Top of PROVIDED INFORMATION

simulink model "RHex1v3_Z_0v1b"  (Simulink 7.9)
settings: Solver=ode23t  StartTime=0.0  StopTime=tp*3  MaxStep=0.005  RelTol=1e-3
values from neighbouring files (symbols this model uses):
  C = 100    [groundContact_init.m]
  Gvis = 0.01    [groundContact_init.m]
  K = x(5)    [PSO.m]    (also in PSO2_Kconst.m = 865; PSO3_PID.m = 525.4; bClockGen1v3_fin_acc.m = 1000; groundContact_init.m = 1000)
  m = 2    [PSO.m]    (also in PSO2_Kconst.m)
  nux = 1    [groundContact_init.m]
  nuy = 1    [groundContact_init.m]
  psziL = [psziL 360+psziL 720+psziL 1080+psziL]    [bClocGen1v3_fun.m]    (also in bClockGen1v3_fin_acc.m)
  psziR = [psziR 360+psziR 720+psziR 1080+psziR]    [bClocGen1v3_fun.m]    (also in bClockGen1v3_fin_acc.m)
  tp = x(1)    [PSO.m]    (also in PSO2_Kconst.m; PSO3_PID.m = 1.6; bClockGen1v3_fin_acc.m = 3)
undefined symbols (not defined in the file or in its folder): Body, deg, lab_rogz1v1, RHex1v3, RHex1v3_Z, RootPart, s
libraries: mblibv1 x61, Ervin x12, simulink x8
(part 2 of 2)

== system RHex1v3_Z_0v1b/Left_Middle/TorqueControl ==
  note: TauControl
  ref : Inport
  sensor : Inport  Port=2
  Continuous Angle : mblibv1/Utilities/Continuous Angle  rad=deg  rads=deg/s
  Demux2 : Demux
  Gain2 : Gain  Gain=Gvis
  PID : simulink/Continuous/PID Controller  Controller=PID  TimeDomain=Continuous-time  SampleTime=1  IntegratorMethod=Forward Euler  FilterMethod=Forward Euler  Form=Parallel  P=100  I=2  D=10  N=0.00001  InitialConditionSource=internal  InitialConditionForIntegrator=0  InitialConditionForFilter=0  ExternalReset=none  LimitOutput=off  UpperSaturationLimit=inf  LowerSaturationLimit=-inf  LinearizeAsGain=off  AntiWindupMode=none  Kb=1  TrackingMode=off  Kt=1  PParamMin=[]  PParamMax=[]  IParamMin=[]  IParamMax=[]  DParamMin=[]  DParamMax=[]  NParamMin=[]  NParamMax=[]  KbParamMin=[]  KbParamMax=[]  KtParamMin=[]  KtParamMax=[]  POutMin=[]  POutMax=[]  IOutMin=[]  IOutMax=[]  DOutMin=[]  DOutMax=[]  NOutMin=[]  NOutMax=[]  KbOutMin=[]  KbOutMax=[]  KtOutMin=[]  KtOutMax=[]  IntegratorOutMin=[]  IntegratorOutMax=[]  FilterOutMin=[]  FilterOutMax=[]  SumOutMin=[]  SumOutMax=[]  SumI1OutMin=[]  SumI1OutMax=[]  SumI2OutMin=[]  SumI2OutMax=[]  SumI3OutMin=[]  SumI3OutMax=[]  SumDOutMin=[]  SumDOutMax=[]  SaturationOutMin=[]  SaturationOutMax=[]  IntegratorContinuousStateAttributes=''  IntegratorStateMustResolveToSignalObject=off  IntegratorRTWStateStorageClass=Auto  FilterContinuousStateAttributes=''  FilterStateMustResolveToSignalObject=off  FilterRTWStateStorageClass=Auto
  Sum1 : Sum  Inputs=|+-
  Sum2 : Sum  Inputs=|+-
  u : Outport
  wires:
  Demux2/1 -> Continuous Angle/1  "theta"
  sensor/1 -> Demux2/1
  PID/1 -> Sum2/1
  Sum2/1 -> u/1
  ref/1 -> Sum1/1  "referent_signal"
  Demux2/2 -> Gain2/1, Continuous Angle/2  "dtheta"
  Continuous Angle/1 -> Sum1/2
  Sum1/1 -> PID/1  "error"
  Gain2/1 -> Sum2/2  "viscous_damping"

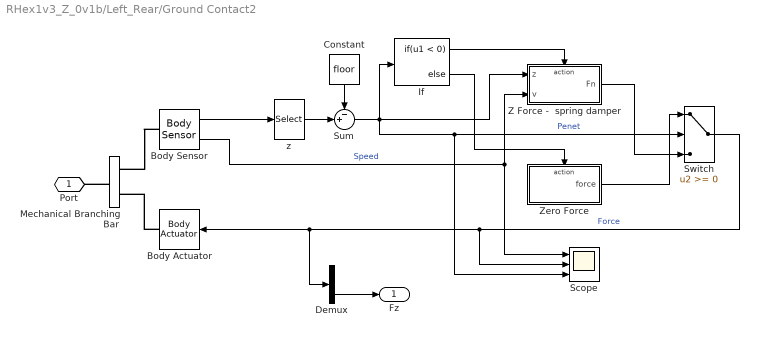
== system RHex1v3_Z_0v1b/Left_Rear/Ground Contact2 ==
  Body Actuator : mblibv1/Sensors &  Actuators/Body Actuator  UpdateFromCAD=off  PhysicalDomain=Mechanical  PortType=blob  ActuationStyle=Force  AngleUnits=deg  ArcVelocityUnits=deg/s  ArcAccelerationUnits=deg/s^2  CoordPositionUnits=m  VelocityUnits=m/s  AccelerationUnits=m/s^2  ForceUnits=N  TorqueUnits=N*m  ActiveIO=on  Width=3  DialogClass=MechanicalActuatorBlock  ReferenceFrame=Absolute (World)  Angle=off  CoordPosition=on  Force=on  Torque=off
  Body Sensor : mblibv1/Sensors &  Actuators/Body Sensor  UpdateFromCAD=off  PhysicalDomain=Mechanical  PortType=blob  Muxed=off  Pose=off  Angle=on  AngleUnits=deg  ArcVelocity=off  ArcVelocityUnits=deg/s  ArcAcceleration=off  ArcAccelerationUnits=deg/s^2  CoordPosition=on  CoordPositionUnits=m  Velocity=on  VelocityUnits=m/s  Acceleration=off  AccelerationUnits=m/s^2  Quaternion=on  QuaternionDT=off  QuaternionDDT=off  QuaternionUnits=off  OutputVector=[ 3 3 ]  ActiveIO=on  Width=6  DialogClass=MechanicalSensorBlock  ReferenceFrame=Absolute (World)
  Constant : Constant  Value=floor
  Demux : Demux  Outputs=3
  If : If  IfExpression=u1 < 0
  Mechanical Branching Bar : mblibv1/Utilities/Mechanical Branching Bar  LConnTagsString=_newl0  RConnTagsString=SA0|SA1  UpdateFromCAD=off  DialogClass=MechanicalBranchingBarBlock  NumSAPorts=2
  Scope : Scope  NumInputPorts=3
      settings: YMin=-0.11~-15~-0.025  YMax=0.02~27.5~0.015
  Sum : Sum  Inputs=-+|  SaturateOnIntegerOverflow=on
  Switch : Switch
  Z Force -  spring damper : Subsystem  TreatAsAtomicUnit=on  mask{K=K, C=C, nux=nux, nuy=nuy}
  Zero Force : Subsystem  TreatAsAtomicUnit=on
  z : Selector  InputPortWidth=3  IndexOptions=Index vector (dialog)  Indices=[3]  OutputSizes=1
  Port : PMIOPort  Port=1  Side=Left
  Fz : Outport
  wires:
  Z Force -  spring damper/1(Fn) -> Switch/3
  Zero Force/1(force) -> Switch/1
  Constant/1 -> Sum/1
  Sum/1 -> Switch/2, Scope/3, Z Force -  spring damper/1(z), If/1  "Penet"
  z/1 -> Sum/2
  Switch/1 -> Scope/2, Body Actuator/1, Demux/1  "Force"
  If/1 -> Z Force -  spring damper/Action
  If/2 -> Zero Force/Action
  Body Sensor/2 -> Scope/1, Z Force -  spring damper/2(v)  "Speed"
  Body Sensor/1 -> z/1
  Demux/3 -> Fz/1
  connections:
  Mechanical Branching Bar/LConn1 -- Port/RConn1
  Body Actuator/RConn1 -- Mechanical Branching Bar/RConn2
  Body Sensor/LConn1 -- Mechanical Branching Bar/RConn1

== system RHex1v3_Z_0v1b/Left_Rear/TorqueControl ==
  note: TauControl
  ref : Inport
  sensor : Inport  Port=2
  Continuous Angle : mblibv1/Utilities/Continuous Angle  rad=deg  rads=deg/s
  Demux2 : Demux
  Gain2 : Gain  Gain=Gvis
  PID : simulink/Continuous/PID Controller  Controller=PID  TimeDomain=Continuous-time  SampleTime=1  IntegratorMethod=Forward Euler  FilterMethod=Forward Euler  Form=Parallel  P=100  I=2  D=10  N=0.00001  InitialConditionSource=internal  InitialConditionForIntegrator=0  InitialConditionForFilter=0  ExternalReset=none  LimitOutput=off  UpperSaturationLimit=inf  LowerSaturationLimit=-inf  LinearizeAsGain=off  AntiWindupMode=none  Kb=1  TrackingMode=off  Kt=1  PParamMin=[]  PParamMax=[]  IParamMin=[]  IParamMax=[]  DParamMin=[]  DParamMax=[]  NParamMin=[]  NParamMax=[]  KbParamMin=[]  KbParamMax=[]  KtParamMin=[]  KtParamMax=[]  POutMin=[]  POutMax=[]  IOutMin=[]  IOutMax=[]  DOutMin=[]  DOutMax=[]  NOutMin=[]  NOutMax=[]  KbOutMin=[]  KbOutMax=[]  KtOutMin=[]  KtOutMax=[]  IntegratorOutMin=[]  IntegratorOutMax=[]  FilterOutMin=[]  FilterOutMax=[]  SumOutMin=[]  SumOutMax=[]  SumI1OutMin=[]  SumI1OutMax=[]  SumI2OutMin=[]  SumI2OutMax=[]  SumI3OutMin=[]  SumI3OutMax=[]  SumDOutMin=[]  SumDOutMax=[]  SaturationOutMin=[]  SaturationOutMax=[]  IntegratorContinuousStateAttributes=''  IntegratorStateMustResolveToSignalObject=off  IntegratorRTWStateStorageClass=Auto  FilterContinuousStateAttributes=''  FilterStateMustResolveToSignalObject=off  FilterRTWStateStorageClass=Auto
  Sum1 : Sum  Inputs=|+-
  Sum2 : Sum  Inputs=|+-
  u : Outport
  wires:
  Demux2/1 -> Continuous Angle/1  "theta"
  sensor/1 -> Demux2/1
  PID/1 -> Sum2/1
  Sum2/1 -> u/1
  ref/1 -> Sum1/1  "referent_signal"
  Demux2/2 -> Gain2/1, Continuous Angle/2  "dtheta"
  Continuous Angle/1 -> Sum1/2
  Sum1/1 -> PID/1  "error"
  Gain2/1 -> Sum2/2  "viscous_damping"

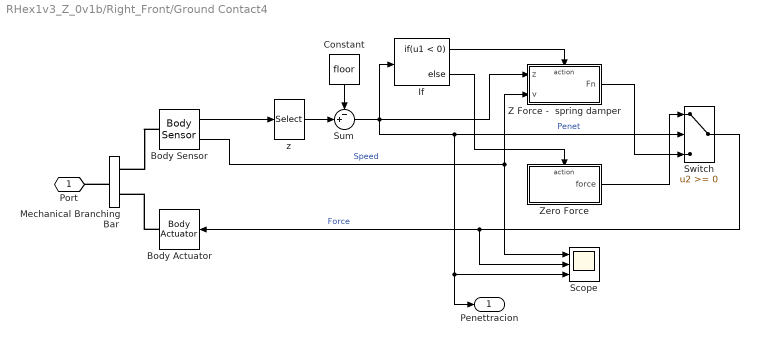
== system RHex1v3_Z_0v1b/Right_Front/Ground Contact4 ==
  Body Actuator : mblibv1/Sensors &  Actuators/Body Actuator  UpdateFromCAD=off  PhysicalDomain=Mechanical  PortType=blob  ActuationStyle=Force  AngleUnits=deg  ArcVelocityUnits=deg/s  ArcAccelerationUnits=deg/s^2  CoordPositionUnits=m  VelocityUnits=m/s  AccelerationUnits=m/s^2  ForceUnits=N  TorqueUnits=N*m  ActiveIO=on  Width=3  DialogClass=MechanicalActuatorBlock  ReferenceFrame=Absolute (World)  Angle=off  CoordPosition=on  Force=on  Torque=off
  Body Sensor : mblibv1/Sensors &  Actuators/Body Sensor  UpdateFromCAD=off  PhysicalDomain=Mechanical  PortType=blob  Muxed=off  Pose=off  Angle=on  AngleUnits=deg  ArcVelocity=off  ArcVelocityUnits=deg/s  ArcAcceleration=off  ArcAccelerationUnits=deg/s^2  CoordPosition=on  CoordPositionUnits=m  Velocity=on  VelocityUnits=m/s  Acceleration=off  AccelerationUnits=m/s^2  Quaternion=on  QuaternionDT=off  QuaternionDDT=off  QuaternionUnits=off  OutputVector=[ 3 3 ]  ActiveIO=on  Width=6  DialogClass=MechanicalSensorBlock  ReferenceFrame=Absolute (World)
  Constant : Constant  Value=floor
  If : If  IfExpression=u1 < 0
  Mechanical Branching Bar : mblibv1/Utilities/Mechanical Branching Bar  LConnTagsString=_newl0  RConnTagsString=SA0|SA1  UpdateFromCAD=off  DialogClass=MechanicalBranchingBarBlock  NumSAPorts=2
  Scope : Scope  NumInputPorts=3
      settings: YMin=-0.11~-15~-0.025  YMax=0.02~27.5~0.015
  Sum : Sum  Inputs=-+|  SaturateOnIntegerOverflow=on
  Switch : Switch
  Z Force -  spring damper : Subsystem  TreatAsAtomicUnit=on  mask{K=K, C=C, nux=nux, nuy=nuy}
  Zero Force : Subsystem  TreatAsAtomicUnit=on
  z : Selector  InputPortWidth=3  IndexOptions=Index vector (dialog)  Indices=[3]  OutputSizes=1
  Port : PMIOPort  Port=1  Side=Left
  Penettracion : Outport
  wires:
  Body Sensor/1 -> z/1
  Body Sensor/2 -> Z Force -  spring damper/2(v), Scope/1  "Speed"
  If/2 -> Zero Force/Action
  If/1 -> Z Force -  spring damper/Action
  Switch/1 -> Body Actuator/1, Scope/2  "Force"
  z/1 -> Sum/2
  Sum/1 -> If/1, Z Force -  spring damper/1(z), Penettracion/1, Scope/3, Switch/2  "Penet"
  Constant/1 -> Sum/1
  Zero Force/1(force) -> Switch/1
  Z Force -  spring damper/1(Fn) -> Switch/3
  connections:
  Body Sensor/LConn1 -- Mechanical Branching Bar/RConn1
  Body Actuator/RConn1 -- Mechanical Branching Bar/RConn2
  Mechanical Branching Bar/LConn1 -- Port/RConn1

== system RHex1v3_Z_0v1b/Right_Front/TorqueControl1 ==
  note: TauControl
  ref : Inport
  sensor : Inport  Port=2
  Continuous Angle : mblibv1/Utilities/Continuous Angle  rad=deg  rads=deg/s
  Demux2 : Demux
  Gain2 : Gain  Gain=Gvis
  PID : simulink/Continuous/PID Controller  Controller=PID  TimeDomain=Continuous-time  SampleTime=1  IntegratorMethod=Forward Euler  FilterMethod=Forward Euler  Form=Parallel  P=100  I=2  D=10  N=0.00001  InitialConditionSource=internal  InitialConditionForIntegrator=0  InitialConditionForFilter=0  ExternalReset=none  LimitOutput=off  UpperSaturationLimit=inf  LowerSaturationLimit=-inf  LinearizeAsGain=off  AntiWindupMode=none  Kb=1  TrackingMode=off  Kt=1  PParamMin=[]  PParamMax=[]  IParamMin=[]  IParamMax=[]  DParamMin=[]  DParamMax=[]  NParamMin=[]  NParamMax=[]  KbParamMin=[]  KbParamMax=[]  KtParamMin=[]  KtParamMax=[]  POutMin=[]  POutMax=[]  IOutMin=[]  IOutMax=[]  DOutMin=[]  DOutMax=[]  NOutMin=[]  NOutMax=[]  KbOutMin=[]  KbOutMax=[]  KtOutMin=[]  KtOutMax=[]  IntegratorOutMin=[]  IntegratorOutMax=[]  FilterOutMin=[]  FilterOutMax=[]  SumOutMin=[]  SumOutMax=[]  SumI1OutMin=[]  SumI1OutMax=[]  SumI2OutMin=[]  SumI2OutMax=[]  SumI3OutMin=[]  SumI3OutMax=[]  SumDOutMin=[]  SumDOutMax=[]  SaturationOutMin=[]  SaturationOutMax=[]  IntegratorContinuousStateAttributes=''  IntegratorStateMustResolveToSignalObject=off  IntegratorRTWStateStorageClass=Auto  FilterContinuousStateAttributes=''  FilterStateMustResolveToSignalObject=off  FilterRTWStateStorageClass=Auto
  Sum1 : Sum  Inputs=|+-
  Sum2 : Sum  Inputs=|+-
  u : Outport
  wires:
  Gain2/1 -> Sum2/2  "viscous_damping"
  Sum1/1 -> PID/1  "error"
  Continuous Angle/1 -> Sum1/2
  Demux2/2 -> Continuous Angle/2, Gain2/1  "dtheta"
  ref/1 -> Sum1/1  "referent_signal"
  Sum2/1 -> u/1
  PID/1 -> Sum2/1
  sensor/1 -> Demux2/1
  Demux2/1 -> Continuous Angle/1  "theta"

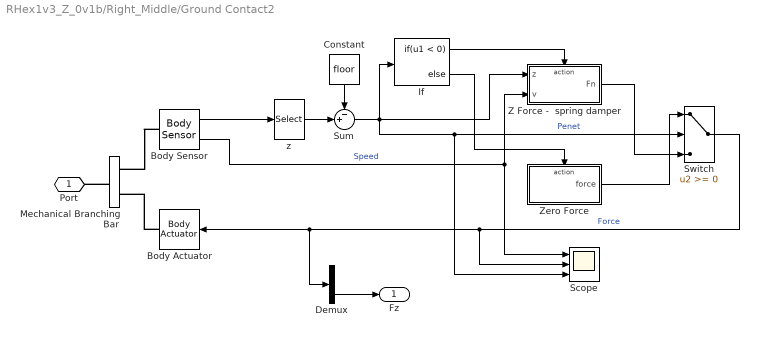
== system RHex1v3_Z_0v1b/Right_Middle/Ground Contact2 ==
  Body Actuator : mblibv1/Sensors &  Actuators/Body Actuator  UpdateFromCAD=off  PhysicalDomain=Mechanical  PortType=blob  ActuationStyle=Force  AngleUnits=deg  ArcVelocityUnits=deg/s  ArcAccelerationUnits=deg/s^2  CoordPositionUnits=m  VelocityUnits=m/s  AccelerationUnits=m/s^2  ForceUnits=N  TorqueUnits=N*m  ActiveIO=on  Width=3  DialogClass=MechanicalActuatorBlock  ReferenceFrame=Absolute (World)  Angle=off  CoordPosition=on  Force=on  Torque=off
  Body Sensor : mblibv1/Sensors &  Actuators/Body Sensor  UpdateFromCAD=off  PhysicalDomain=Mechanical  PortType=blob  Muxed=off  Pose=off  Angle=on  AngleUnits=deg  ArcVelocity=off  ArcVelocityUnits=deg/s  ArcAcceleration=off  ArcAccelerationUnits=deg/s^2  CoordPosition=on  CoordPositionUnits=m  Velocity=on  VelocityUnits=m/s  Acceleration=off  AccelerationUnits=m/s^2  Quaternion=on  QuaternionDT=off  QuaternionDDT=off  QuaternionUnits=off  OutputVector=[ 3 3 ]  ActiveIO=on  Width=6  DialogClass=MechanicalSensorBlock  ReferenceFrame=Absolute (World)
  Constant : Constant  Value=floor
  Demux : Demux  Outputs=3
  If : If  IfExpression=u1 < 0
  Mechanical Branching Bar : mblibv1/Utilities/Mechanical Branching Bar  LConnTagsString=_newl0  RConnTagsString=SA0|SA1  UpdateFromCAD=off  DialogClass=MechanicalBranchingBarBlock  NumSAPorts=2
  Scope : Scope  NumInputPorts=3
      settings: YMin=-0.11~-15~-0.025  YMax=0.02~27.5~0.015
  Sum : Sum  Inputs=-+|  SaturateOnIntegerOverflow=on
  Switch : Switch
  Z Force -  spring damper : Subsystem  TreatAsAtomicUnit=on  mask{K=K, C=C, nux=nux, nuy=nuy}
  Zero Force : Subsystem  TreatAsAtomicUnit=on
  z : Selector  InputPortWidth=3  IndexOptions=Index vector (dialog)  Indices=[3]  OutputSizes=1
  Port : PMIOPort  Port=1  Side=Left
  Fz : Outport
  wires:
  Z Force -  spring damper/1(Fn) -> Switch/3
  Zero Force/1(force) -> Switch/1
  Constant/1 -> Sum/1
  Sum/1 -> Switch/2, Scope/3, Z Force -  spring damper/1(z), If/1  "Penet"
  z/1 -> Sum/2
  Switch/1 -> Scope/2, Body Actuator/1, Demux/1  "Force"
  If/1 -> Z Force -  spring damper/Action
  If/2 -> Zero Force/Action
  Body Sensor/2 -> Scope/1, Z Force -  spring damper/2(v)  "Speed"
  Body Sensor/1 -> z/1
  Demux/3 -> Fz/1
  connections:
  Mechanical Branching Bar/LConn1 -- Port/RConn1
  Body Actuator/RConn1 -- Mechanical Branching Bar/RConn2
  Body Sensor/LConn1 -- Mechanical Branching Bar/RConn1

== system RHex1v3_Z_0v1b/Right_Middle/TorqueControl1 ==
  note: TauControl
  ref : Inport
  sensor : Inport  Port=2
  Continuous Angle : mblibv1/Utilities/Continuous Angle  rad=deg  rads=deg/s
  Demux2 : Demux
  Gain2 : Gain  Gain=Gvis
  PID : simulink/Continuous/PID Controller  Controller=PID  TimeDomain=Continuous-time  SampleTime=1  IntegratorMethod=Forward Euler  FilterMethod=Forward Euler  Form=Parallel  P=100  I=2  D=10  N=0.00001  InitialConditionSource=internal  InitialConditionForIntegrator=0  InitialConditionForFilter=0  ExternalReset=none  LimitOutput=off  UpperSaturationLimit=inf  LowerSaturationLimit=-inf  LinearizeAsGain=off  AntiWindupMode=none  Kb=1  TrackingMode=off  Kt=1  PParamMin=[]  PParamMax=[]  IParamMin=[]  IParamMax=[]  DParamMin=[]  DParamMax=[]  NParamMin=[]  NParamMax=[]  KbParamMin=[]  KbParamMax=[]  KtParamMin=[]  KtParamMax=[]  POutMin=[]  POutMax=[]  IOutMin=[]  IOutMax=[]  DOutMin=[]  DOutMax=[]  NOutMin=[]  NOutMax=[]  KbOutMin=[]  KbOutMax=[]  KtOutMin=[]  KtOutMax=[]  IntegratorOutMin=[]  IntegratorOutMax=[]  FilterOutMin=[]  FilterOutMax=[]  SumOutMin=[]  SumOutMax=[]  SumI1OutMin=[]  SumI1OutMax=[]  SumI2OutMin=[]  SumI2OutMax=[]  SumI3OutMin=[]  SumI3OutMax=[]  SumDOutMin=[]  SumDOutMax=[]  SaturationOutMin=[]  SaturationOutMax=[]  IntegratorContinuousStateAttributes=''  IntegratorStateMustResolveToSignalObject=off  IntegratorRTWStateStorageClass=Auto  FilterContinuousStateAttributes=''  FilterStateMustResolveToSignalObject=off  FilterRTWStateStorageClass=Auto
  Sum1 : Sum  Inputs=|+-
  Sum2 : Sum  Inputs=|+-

Bottom of PROVIDED INFORMATION

◆ WHAT YOU HAVE TO DO:
Where the word "symbols" appears in a line of the entries, copy that line.

◆ ANSWER TO THIS TASK:
values from neighbouring files (symbols this model uses):
undefined symbols (not defined in the file or in its folder): Body, deg, lab_rogz1v1, RHex1v3, RHex1v3_Z, RootPart, s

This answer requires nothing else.